Gene gun: coat tiny particles (e.g., gold) with DNA and shoot them into cells; useful for cells with thick walls (plants).
CRISPR–Cas9: programmable system that uses a guide RNA to direct the Cas9 nuclease to a specific DNA sequence for cutting and subsequent deletion or insertion.

CRISPR–Cas9 (key points)

CRISPR uses a custom-designed guide RNA to direct the Cas9 nuclease to a specific DNA sequence.
Cas9 makes a double-strand break at the target site; the cell’s repair mechanisms can be harnessed to delete sequences or insert new DNA.
CRISPR systems are derived from bacterial adaptive immune systems and are applied in plants, animals, and human clinical trials.

Practical example — bacterial production of human insulin (overview)

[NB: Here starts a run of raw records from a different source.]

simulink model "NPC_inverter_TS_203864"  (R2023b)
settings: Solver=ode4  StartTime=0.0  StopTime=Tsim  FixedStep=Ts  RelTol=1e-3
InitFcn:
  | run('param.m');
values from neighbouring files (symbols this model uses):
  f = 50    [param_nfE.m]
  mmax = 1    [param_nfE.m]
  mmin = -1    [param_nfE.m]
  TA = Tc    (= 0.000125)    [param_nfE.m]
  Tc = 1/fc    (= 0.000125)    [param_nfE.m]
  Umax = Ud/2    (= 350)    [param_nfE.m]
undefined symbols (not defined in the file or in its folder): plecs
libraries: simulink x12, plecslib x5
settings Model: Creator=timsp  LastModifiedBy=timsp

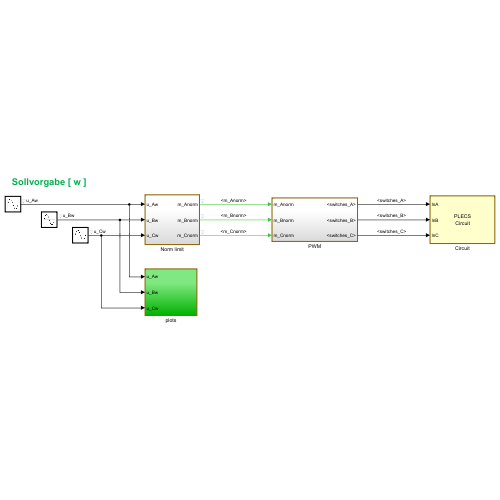
[thumbnail: Simulink's stored preview of the top-level diagram]
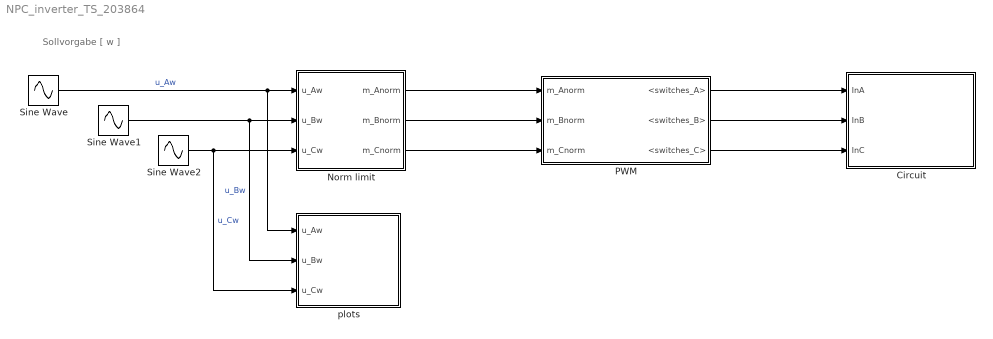
== system NPC_inverter_TS_203864 ==
  note: Sollvorgabe [ w ]
  Circuit : Subsystem  LoadFcn=plecs('sl', 200);  InitFcn=plecs('sl', 214);  StartFcn=plecs('sl', 208);  StopFcn=plecs('sl', 209);  mask(PlecsCircuit){PLECSData=<binary blob, 5248 chars, not shown>}
      mask prompts: PLECSData "PLECS Data (Do not delete or modify!)"
      mask init:
      | % PLACE CUSTOM INITIALIZATIONS ABOVE
      | % DO NOT REMOVE
      | plecs('sl', 215);
      | % DO NOT REMOVE
      settings: CopyFcn=plecs('sl', 203);  DeleteFcn=plecs('sl', 205);  UndoDeleteFcn=plecs('sl', 206);  PreSaveFcn=plecs('sl', 211);  PostSaveFcn=plecs('sl', 201);  NameChangeFcn=plecs('sl', 210);  DestroyFcn=plecs('sl', 207);  PreCopyFcn=plecs('sl', 216);  OpenFcn=plecs('sl', 202);  ErrorFcn=plerrorfcn
      mask Help: eval('plecs(''help'', ''qthelp:///creatingacircuit.html'')')
      mask Display: disp('PLECS\nCircuit')
  Norm limit : Subsystem
  PWM : Subsystem
  Sine Wave : Sin  Amplitude=Umax  Frequency=2*pi*f  Phase=pi/2  SampleTime=0
  Sine Wave1 : Sin  Amplitude=Umax  Frequency=2*pi*f  Phase=-2*pi/3+pi/2  SampleTime=0
  Sine Wave2 : Sin  Amplitude=Umax  Frequency=2*pi*f  Phase=-4*pi/3+pi/2  SampleTime=0
  plots : Subsystem
  wires:
  PWM/1(<switches_A>) -> Circuit/1(InA)
  PWM/2(<switches_B>) -> Circuit/2(InB)
  PWM/3(<switches_C>) -> Circuit/3(InC)
  Norm limit/1(m_Anorm) -> PWM/1(m_Anorm)
  Norm limit/2(m_Bnorm) -> PWM/2(m_Bnorm)
  Norm limit/3(m_Cnorm) -> PWM/3(m_Cnorm)
  Sine Wave/1 -> plots/1(u_Aw), Norm limit/1(u_Aw)  "u_Aw"
  Sine Wave1/1 -> plots/2(u_Bw), Norm limit/2(u_Bw)  "u_Bw"
  Sine Wave2/1 -> plots/3(u_Cw), Norm limit/3(u_Cw)  "u_Cw"

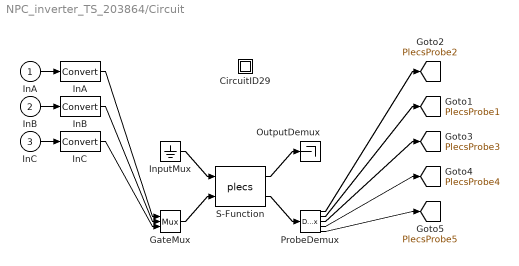
== system NPC_inverter_TS_203864/Circuit ==
  InA : Inport  PortDimensions=4
  InB : Inport  Port=2  PortDimensions=4
  InC : Inport  Port=3  PortDimensions=4
  " CircuitID29 " : Subsystem
  " GateMux " : Mux  Inputs=[ 4 4 4 ]
  " InA " : DataTypeConversion
  " InB " : DataTypeConversion
  " InC " : DataTypeConversion
  " InputMux " : Ground
  " OutputDemux " : Terminator
  " ProbeDemux " : Demux  Outputs=[ 3 3 3 1 3 ]
  " S-Function " : S-Function  FunctionName=plecs  SFunctionDeploymentMode=off  EnableBusSupport=off
  tag scope: PlecsProbe1=global, PlecsProbe2=global, PlecsProbe3=global, PlecsProbe4=global, PlecsProbe5=global
  wires:
  " InputMux "/1 -> " S-Function "/1
  " GateMux "/1 -> " S-Function "/2
  " S-Function "/1 -> " OutputDemux "/1
  " S-Function "/2 -> " ProbeDemux "/1
  InA/1 -> " InA "/1
  " InA "/1 -> " GateMux "/1
  InB/1 -> " InB "/1
  " InB "/1 -> " GateMux "/2
  InC/1 -> " InC "/1
  " InC "/1 -> " GateMux "/3
  " ProbeDemux "/1 -> [PlecsProbe2]
  " ProbeDemux "/2 -> [PlecsProbe1]
  " ProbeDemux "/3 -> [PlecsProbe3]
  " ProbeDemux "/4 -> [PlecsProbe4]
  " ProbeDemux "/5 -> [PlecsProbe5]

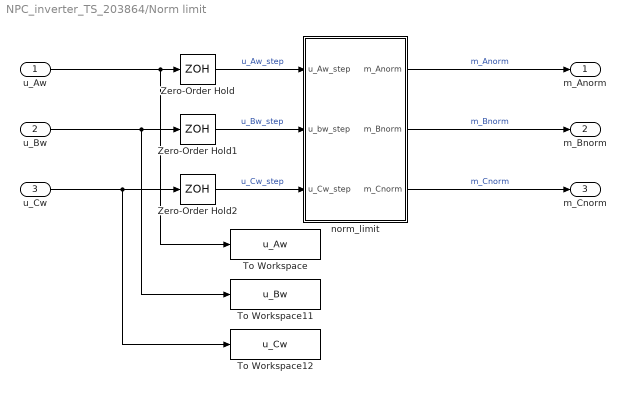
== system NPC_inverter_TS_203864/Norm limit ==
  u_Aw : Inport
  u_Bw : Inport  Port=2
  u_Cw : Inport  Port=3
  To Workspace : ToWorkspace  VariableName=u_Aw  SampleTime=-1
      settings: Save2DSignal=2-D array (concatenate along first dimension)
  To Workspace11 : ToWorkspace  VariableName=u_Bw  SampleTime=-1
      settings: Save2DSignal=2-D array (concatenate along first dimension)
  To Workspace12 : ToWorkspace  VariableName=u_Cw  SampleTime=-1
      settings: Save2DSignal=2-D array (concatenate along first dimension)
  Zero-Order Hold : ZeroOrderHold  SampleTime=TA
  Zero-Order Hold1 : ZeroOrderHold  SampleTime=TA
  Zero-Order Hold2 : ZeroOrderHold  SampleTime=TA
  norm_limit : Subsystem
  m_Anorm : Outport
  m_Bnorm : Outport  Port=2
  m_Cnorm : Outport  Port=3
  wires:
  u_Cw/1 -> To Workspace12/1, Zero-Order Hold2/1
  u_Bw/1 -> To Workspace11/1, Zero-Order Hold1/1
  norm_limit/3(m_Cnorm) -> m_Cnorm/1  "m_Cnorm"
  Zero-Order Hold1/1 -> norm_limit/2(u_bw_step)  "u_Bw_step"
  norm_limit/2(m_Bnorm) -> m_Bnorm/1  "m_Bnorm"
  Zero-Order Hold/1 -> norm_limit/1(u_Aw_step)  "u_Aw_step"
  Zero-Order Hold2/1 -> norm_limit/3(u_Cw_step)  "u_Cw_step"
  norm_limit/1(m_Anorm) -> m_Anorm/1  "m_Anorm"
  u_Aw/1 -> To Workspace/1, Zero-Order Hold/1

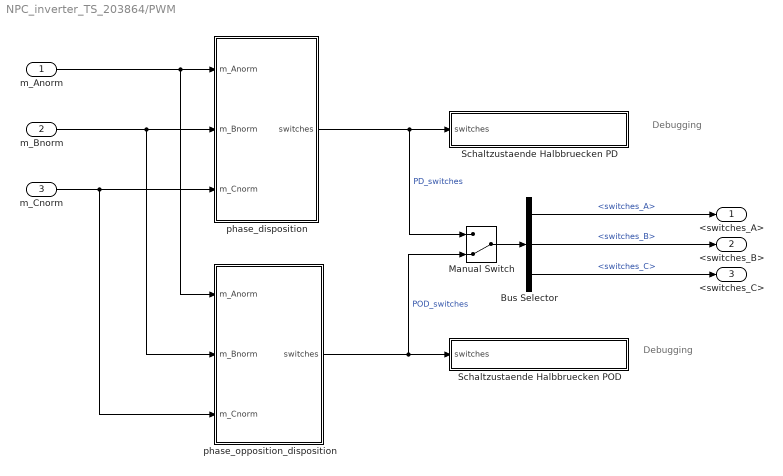
== system NPC_inverter_TS_203864/PWM ==
  note: Debugging
  note: Debugging
  m_Anorm : Inport
  m_Bnorm : Inport  Port=2
  m_Cnorm : Inport  Port=3
  Bus Selector : BusSelector  OutputSignals=switches_A,switches_B,switches_C
  Manual Switch : ManualSwitch  CurrentSetting=0
  Schaltzustaende Halbbruecken PD : Subsystem
  Schaltzustaende Halbbruecken POD : Subsystem
  phase_disposition : Subsystem  TreatAsAtomicUnit=on
  phase_opposition_disposition : Subsystem  TreatAsAtomicUnit=on
  <switches_A> : Outport
  <switches_B> : Outport  Port=2
  <switches_C> : Outport  Port=3
  wires:
  m_Bnorm/1 -> phase_disposition/2(m_Bnorm), phase_opposition_disposition/2(m_Bnorm)
  phase_disposition/1(switches) -> Schaltzustaende Halbbruecken PD/1(switches), Manual Switch/1  "PD_switches"
  phase_opposition_disposition/1(switches) -> Manual Switch/2, Schaltzustaende Halbbruecken POD/1(switches)  "POD_switches"
  Bus Selector/3 -> <switches_C>/1  "<switches_C>"
  m_Cnorm/1 -> phase_opposition_disposition/3(m_Cnorm), phase_disposition/3(m_Cnorm)
  m_Anorm/1 -> phase_opposition_disposition/1(m_Anorm), phase_disposition/1(m_Anorm)
  Bus Selector/1 -> <switches_A>/1  "<switches_A>"
  Manual Switch/1 -> Bus Selector/1
  Bus Selector/2 -> <switches_B>/1  "<switches_B>"

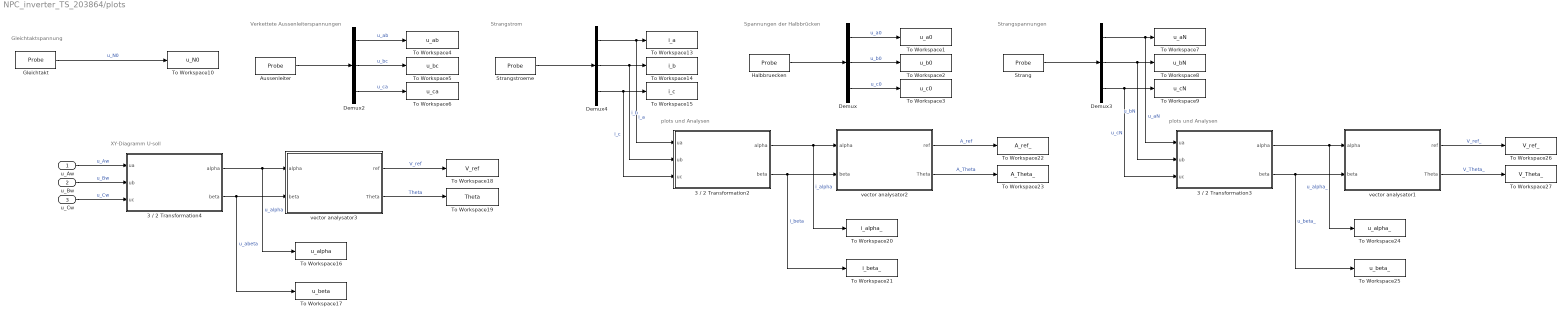
== system NPC_inverter_TS_203864/plots ==
  note: Gleichtaktspannung
  note: Spannungen der Halbbrücken
  note: Verkettete Aussenleiterspannungen
  note: Strangspannungen
  note: Strangstrom
  note: plots und Analysen
  note: plots und Analysen
  note: XY-Diagramm U-soll
  u_Aw : Inport
  u_Bw : Inport  Port=2
  u_Cw : Inport  Port=3
  3 / 2 Transformation2 : MATLAB Function  TreatAsAtomicUnit=on
  3 / 2 Transformation3 : MATLAB Function  TreatAsAtomicUnit=on
  3 / 2 Transformation4 : MATLAB Function  TreatAsAtomicUnit=on
  Aussenleiter : plecslib/Probe  tagno=1
      settings: SourceProductName=PLECS
  Demux{,2..4} (4 alike) : Demux  Outputs=3
  Gleichtakt : plecslib/Probe  tagno=4
      settings: SourceProductName=PLECS
  Halbbruecken : plecslib/Probe  tagno=2
      settings: SourceProductName=PLECS
  Strang : plecslib/Probe  tagno=3
      settings: SourceProductName=PLECS
  Strangstroeme : plecslib/Probe  tagno=5
      settings: SourceProductName=PLECS
  To Workspace1 : ToWorkspace  VariableName=u_a0  SampleTime=-1
  To Workspace10 : ToWorkspace  VariableName=u_N0  SampleTime=-1
  To Workspace13 : ToWorkspace  VariableName=i_a  SampleTime=-1
  To Workspace14 : ToWorkspace  VariableName=i_b  SampleTime=-1
  To Workspace15 : ToWorkspace  VariableName=i_c  SampleTime=-1
  To Workspace16 : ToWorkspace  VariableName=u_alpha  SampleTime=-1
  To Workspace17 : ToWorkspace  VariableName=u_beta  SampleTime=-1
  To Workspace18 : ToWorkspace  VariableName=V_ref  SampleTime=-1
  To Workspace19 : ToWorkspace  VariableName=Theta  SampleTime=-1
  To Workspace2 : ToWorkspace  VariableName=u_b0  SampleTime=-1
  To Workspace20 : ToWorkspace  VariableName=i_alpha_  SampleTime=-1
  To Workspace21 : ToWorkspace  VariableName=i_beta_  SampleTime=-1
  To Workspace22 : ToWorkspace  VariableName=A_ref_  SampleTime=-1
  To Workspace23 : ToWorkspace  VariableName=A_Theta_  SampleTime=-1
  To Workspace24 : ToWorkspace  VariableName=u_alpha_  SampleTime=-1
  To Workspace25 : ToWorkspace  VariableName=u_beta_  SampleTime=-1
  To Workspace26 : ToWorkspace  VariableName=V_ref_  SampleTime=-1
  To Workspace27 : ToWorkspace  VariableName=V_Theta_  SampleTime=-1
  To Workspace3 : ToWorkspace  VariableName=u_c0  SampleTime=-1
  To Workspace4 : ToWorkspace  VariableName=u_ab  SampleTime=-1
  To Workspace5 : ToWorkspace  VariableName=u_bc  SampleTime=-1
  To Workspace6 : ToWorkspace  VariableName=u_ca  SampleTime=-1
  To Workspace7 : ToWorkspace  VariableName=u_aN  SampleTime=-1
  To Workspace8 : ToWorkspace  VariableName=u_bN  SampleTime=-1
  To Workspace9 : ToWorkspace  VariableName=u_cN  SampleTime=-1
  vector analysator1 : MATLAB Function  TreatAsAtomicUnit=on
  vector analysator2 : MATLAB Function  TreatAsAtomicUnit=on
  vector analysator3 : MATLAB Function  TreatAsAtomicUnit=on
  wires:
  Demux3/3 -> 3 / 2 Transformation3/3(uc), To Workspace9/1  "u_cN"
  Demux2/1 -> To Workspace4/1  "u_ab"
  Demux2/2 -> To Workspace5/1  "u_bc"
  Aussenleiter/1 -> Demux2/1
  vector analysator1/2(Theta) -> To Workspace27/1  "V_Theta_"
  Demux4/2 -> 3 / 2 Transformation2/2(ub), To Workspace14/1  "i_b"
  Demux3/2 -> 3 / 2 Transformation3/2(ub), To Workspace8/1  "u_bN"
  3 / 2 Transformation3/2(beta) -> vector analysator1/2(beta), To Workspace25/1  "u_beta_"
  Strangstroeme/1 -> Demux4/1
  Demux/1 -> To Workspace1/1  "u_a0"
  Gleichtakt/1 -> To Workspace10/1  "u_N0"
  Demux/2 -> To Workspace2/1  "u_b0"
  Demux4/3 -> 3 / 2 Transformation2/3(uc), To Workspace15/1  "i_c"
  Demux2/3 -> To Workspace6/1  "u_ca"
  3 / 2 Transformation3/1(alpha) -> vector analysator1/1(alpha), To Workspace24/1  "u_alpha_"
  3 / 2 Transformation2/2(beta) -> vector analysator2/2(beta), To Workspace21/1  "i_beta"
  vector analysator2/2(Theta) -> To Workspace23/1  "A_Theta"
  Demux4/1 -> 3 / 2 Transformation2/1(ua), To Workspace13/1  "i_a"
  vector analysator2/1(ref) -> To Workspace22/1  "A_ref"
  3 / 2 Transformation2/1(alpha) -> vector analysator2/1(alpha), To Workspace20/1  "i_alpha"
  vector analysator1/1(ref) -> To Workspace26/1  "V_ref_"
  Strang/1 -> Demux3/1
  Demux3/1 -> 3 / 2 Transformation3/1(ua), To Workspace7/1  "u_aN"
  Halbbruecken/1 -> Demux/1
  Demux/3 -> To Workspace3/1  "u_c0"
  vector analysator3/2(Theta) -> To Workspace19/1  "Theta"
  u_Cw/1 -> 3 / 2 Transformation4/3(uc)  "u_Cw"
  3 / 2 Transformation4/2(beta) -> vector analysator3/2(beta), To Workspace17/1  "u_abeta"
  vector analysator3/1(ref) -> To Workspace18/1  "V_ref"
  3 / 2 Transformation4/1(alpha) -> vector analysator3/1(alpha), To Workspace16/1  "u_alpha"
  u_Bw/1 -> 3 / 2 Transformation4/2(ub)  "u_Bw"
  u_Aw/1 -> 3 / 2 Transformation4/1(ua)  "u_Aw"

== system NPC_inverter_TS_203864/Circuit/ CircuitID29  ==

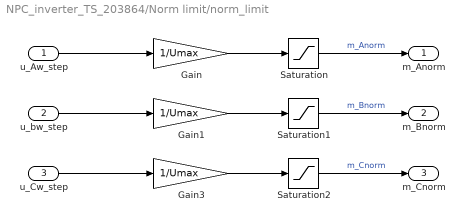
== system NPC_inverter_TS_203864/Norm limit/norm_limit ==
  u_Aw_step : Inport
  u_bw_step : Inport  Port=2
  u_Cw_step : Inport  Port=3
  Gain : Gain  Gain=1/Umax
  Gain1 : Gain  Gain=1/Umax
  Gain3 : Gain  Gain=1/Umax
  Saturation : Saturate  UpperLimit=mmax  LowerLimit=mmin
  Saturation1 : Saturate  UpperLimit=mmax  LowerLimit=mmin
  Saturation2 : Saturate  UpperLimit=mmax  LowerLimit=mmin
  m_Anorm : Outport
  m_Bnorm : Outport  Port=2
  m_Cnorm : Outport  Port=3
  wires:
  Gain/1 -> Saturation/1
  Gain3/1 -> Saturation2/1
  u_Cw_step/1 -> Gain3/1
  Gain1/1 -> Saturation1/1
  u_bw_step/1 -> Gain1/1
  u_Aw_step/1 -> Gain/1
  Saturation/1 -> m_Anorm/1  "m_Anorm"
  Saturation1/1 -> m_Bnorm/1  "m_Bnorm"
  Saturation2/1 -> m_Cnorm/1  "m_Cnorm"

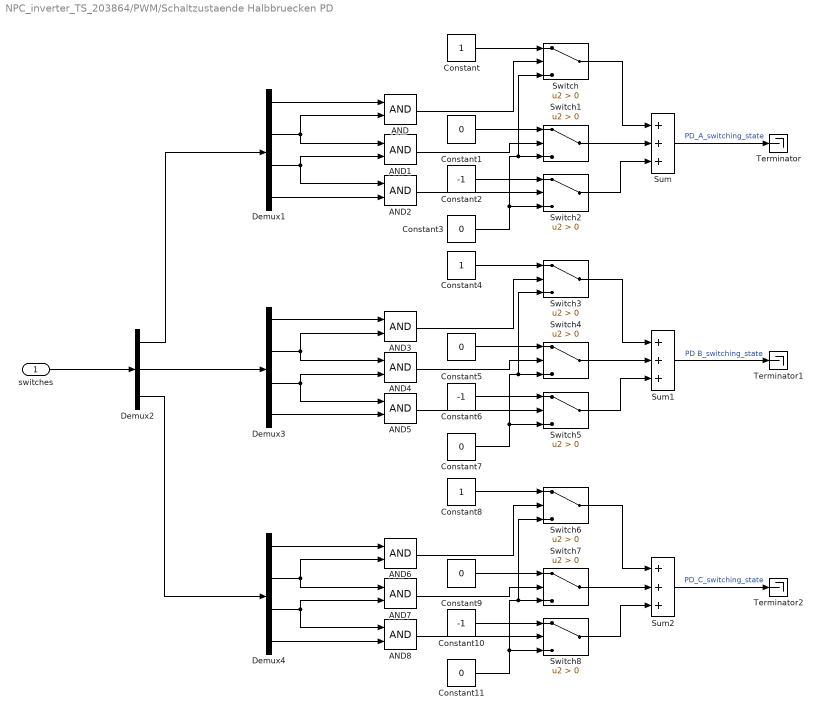
== system NPC_inverter_TS_203864/PWM/Schaltzustaende Halbbruecken PD ==
  switches : Inport
  AND{,1..8} (9 alike) : Logic  AllPortsSameDT=off  OutDataTypeStr=boolean
  Constant : Constant
  Constant{1,3,5,7,9,11} (6 alike) : Constant  Value=0
  Constant10 : Constant  Value=-1
  Constant2 : Constant  Value=-1
  Constant4 : Constant
  Constant6 : Constant  Value=-1
  Constant8 : Constant
  Demux1 : Demux
  Demux2 : Demux  Outputs=3
  Demux3 : Demux
  Demux4 : Demux
  Sum : Sum  Inputs=+++
  Sum1 : Sum  Inputs=+++
  Sum2 : Sum  Inputs=+++
  Switch{,1..8} (9 alike) : Switch  Criteria=u2 > Threshold  SaturateOnIntegerOverflow=off  InputSameDT=off
  Terminator : Terminator
  Terminator1 : Terminator
  Terminator2 : Terminator
  wires:
  Sum2/1 -> Terminator2/1  "PD_C_switching_state"
  Switch8/1 -> Sum2/3
  Switch7/1 -> Sum2/2
  Switch6/1 -> Sum2/1
  Constant11/1 -> Switch8/3, Switch7/3, Switch6/3
  Constant10/1 -> Switch8/1
  AND8/1 -> Switch8/2
  Constant9/1 -> Switch7/1
  AND7/1 -> Switch7/2
  Constant8/1 -> Switch6/1
  AND6/1 -> Switch6/2
  Demux4/4 -> AND8/2
  Demux4/3 -> AND7/2, AND8/1
  Demux4/2 -> AND6/2, AND7/1
  Demux4/1 -> AND6/1
  Demux3/1 -> AND3/1
  Demux3/2 -> AND4/1, AND3/2
  Demux3/3 -> AND5/1, AND4/2
  Demux3/4 -> AND5/2
  AND3/1 -> Switch3/2
  Constant4/1 -> Switch3/1
  AND4/1 -> Switch4/2
  Constant5/1 -> Switch4/1
  AND5/1 -> Switch5/2
  Constant6/1 -> Switch5/1
  Constant7/1 -> Switch3/3, Switch4/3, Switch5/3
  Switch3/1 -> Sum1/1
  Switch4/1 -> Sum1/2
  Switch5/1 -> Sum1/3
  Sum1/1 -> Terminator1/1  "PD B_switching_state"
  Sum/1 -> Terminator/1  "PD_A_switching_state"
  Switch2/1 -> Sum/3
  Switch1/1 -> Sum/2
  Switch/1 -> Sum/1
  Constant3/1 -> Switch2/3, Switch1/3, Switch/3
  Constant2/1 -> Switch2/1
  AND2/1 -> Switch2/2
  Constant1/1 -> Switch1/1
  AND1/1 -> Switch1/2
  Constant/1 -> Switch/1
  AND/1 -> Switch/2
  Demux2/2 -> Demux3/1
  Demux1/4 -> AND2/2
  Demux1/3 -> AND1/2, AND2/1
  Demux1/2 -> AND/2, AND1/1
  Demux1/1 -> AND/1
  Demux2/3 -> Demux4/1
  Demux2/1 -> Demux1/1
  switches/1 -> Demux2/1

Typical workflow to produce human insulin using bacteria:

Obtain the insulin gene
- Isolate the human insulin gene from human DNA or synthesize the gene in the lab.
Prepare a plasmid vector
- Select a plasmid that can replicate in the target bacterial host.
- Use restriction enzymes to cut the plasmid at specific sites to open it.
Insert the insulin gene
- Create compatible ends on the insulin gene (via restriction enzyme cuts or synthesis).
- Use DNA ligase to insert (ligate) the insulin gene into the opened plasmid, creating recombinant DNA.
Create recombinant DNA
- Confirm plasmid contains the inserted insulin gene.
Transform bacteria
- Make bacteria competent (chemical treatment, heat shock, or electroporation) to take up the plasmid.
- Use selectable markers (for example, antibiotic resistance) to identify transformed cells.
Grow and amplify
- Culture transformed bacteria so each cell divides and propagates the plasmid; scale up culture to increase protein yield.
Purify and process
- Isolate and purify the produced insulin protein from bacterial cultures.
- Perform processing/refolding or cleavage steps required to obtain functional, safe insulin.
Quality control and regulatory steps
- Test purity, activity, and safety according to pharmaceutical regulations before clinical use.

Alternative delivery/editing methods — quick recap

Viral vectors: package gene of interest into modified viruses to infect target cells.
Microinjection: inject DNA directly into cell cytoplasm or nucleus (commonly used for embryos).
Gene gun: accelerate DNA-coated particles into cells (useful for plant transformation).
CRISPR–Cas9: design guide RNA to target a precise sequence; Cas9 cuts and enables deletion or insertion at that site.

Applications

Medicine: production of therapeutic proteins (insulin, clotting factors, human growth hormone), gene therapies, and clinical trials.
Agriculture: crops engineered for pest resistance, herbicide tolerance, drought resistance, or bioremediation.
Animals and research: disease-resistant livestock (for example, avian influenza–resistant chickens) and genetically engineered model organisms (mice) for studying gene function.

Ethical and societal considerations

Examples of issues to evaluate:

Animal welfare: impacts on engineered animals and their wellbeing.
Environmental/ecological risks: potential gene flow to wild populations and unintended ecological consequences.
Equity and access: who benefits from technologies and who bears the risks.
Need for regulation, oversight, and ongoing bioethical discussion.

Careers

Genetic engineering is a growing field with expanding career opportunities across research, biotechnology, medicine, agriculture, and regulatory sectors.